Rodrigue Moreno, The delinquants, color, sound, 180 minutes. Morán and Norma (Daniel Elías and Margarita Molfino).

AS SHOWN by the announcement of the premiere of Martin Scorsese The Moonflower Slayers, it was the year of the feature film at the 76th Cannes Film Festival. Indeed, while the full list of titles and broadcast times were confirmed as the festivities approached, browsing through the selection began to feel like looking at the barrel of a (very long) shotgun: in addition of Scorsese’s 206-minute opus, there would be new features from Nuri Bilge Ceylan (About Dry Grasses197 min) and Wang Bing (Youth [Spring]212 min), an epic essay by Steve McQueen (busy city262 min), and restorations of long-lasting classics by Jacques Rivette (1969’s Crazy Love254 mins) and Manoel de Oliveira (1993’s Valley of Abraham, 203 mins). A total of eight films eclipsed the 180-minute mark at this year’s festival, while half a dozen others of varying profile hovered just below that threshold, a trend that perhaps says more about the leeway offered by producers in the age of streaming and online platforms. where a majority of viewers will end up watching those movies that Cannes would love to admit.

Fortunately, all but a few of these titles justified the investment, including the Apple TV+ production. The Moonflower Slayersan adaptation of David Grann’s 2017 novel refracted through the cinematic lens of Joseph H. Lewis’ 1958 western Terror in a Texas Town (81 min, naturally), about a corrupt oilman forcibly seizing land from the local Mexican American population. In Flower Moonthe first Scorsese film to be presented in the official selection of the festival since after hours (1986), the oil-rich Osage Nation of 1920s Oklahoma is besieged by wealthy rancher William Hale (Robert De Niro) and his nephew Ernest Burkhart (Leonardo DiCaprio), whose seemingly romantic relationship with his wife, a wealthy Osage woman named Mollie (Lily Gladstone), betrays murderous ulterior motives. A mob flick in everything but the middle, it finds Scorsese riffing on familiar themes through a different but equally violent era of American history, an era which, through Gladstone’s powerful portrayal, produced a character of a rare virtue in the director’s work.

Martin Scorsese, Killers of the Flower Moon, 2023, color, sound, 206 minutes.  Mollie and Ernest Burkhart (Lily Gladstone and Leonardo DiCaprio).

Martin Scorsese, The Moonflower Slayers2023, color, sound, 206 minutes. Mollie and Ernest Burkhart (Lily Gladstone and Leonardo DiCaprio).

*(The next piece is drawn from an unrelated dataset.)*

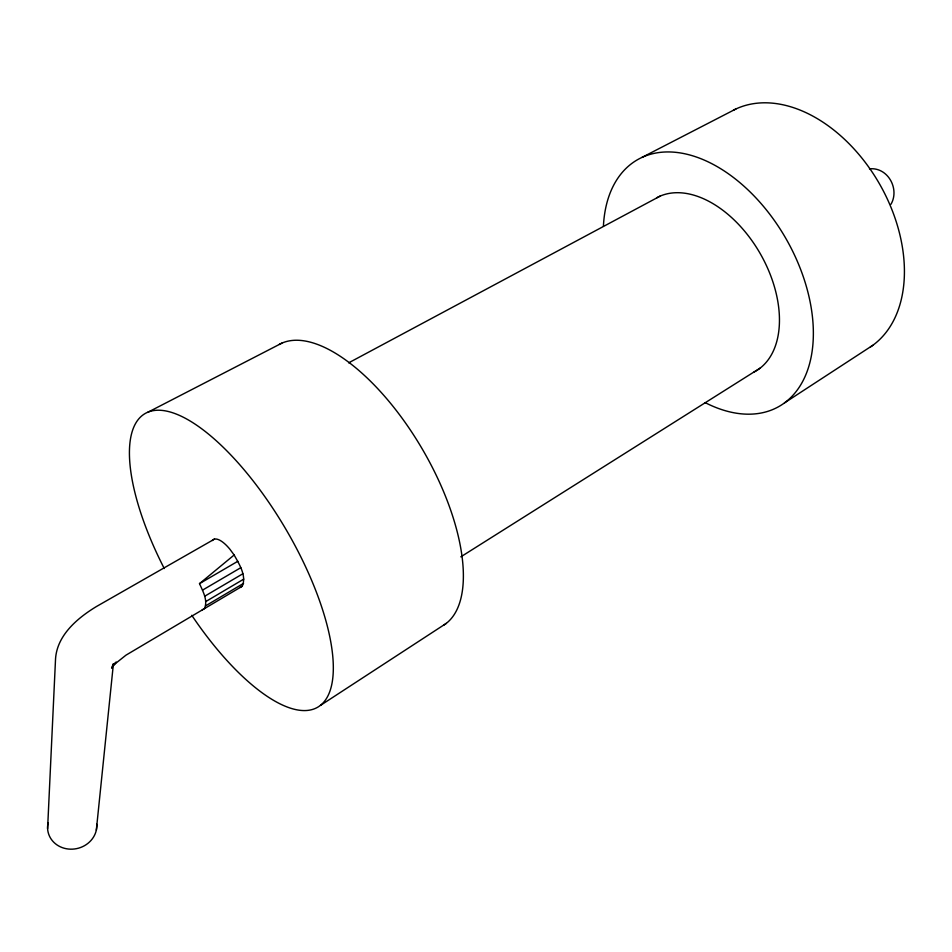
<?xml version="1.0" encoding="UTF-8"?>
<svg xmlns="http://www.w3.org/2000/svg" width="952" height="952" viewBox="0 0 952 952"><rect width="100%" height="100%" fill="white"/><g stroke="black" fill="none" stroke-linecap="round" stroke-linejoin="round"><path stroke-width="1.43" d="M202.24 609.839L204.454 608.625C208.167 600.331 202.812 591.216 199.515 583.635L234.144 555.004L229.968 549.316A27.537 10.115 59.5 0 0 212.284 540.534M114.597 663.818L116.275 662.092L112.741 665.71L125.985 655.154L242.272 586.206C246.746 575.579 239.166 564.131 234.144 555.004M47.6 828.597L55.466 660.462C56.168 635.972 77.041 618.3 96.414 606.543L214.509 539.094M96.331 830.108L113.383 664.068M113.347 663.722L111.598 668.161L115.025 663.365M890.977 204.263C899.878 188.972 887.907 166.981 869.485 168.825M320.503 705.384L446.262 623.393M784.484 402.898L872.746 345.35M460.827 556.837L760.208 368.067M205.656 605.817L243.569 583.362M205.727 601.593L243.76 579.125M204.68 596.238L242.82 573.782M202.562 590.109L240.796 567.689M199.515 583.635L237.833 561.275M239.952 587.479L242.272 586.206M348.634 362.855L660.355 196.005M147.798 412.287L281.816 343.16M642.005 157.401L735.944 108.956M603.425 226.064A142.217 89.464 60.1 0 1 713.286 164.458A142.217 89.464 60.1 0 1 813.282 337.936A142.217 89.464 60.1 0 1 705.194 402.637M656.654 197.802A99.817 62.725 60.1 0 1 761.112 255.184A99.817 62.725 60.1 0 1 753.936 372.101M733.373 110.218A136.874 92.891 60.3 0 1 879.065 183.141A136.874 92.891 60.3 0 1 870.402 346.98M96.771 824.23A24.728 22.503 -12.8 0 1 70.353 849.172A24.728 22.503 -12.8 0 1 48.124 822.683M279.233 344.445A162.697 71.448 59.7 0 1 422.152 448.82A162.697 71.448 59.7 0 1 443.906 625.048M164.256 568.522A170.313 62.772 59.5 0 1 188.52 420.058A170.313 62.772 59.5 0 1 333.307 666.114A170.313 62.772 59.5 0 1 191.78 615.313"/></g></svg>

Flower Moon was one of many curious omissions from the competition lineup. In an open letter to El paEast released during the festival, Spanish director Víctor Erice explained that he had not attended the premiere of his first feature film for thirty-one years, Close your eyes (169 min), because the festival delegate Thierry Frémaux omitted to mention that this beautiful, fragile and elegiac tale of an aging director and his main actor who was believed to be dead would be included in the box of the Cannes Premiere. A few days before, on stage to present Eureka (146 min), his own long-awaited new feature in the same section, Argentinian Lisandro Alonso also chastised Frémaux for not inviting his bold three-part portrait of various remote indigenous communities to compete alongside entries seemingly unmistakable as the aggressive French porn romanticism Stew (134 min) — winner of the director’s prize for Vietnamese companion Trần Anh Hùng — or what we can now begin to refer to, in tender homage to Ken Loach’s latest sugary social drama, the Old Oak of the Cannes competition: Nanni Moretti (A better future), Wim Wenders (perfect days), Hirokazu Koreeda (Freak) and Marco Bellocchio (Kidnapped), all of whom were at least kind enough to present their films in less than 126 minutes.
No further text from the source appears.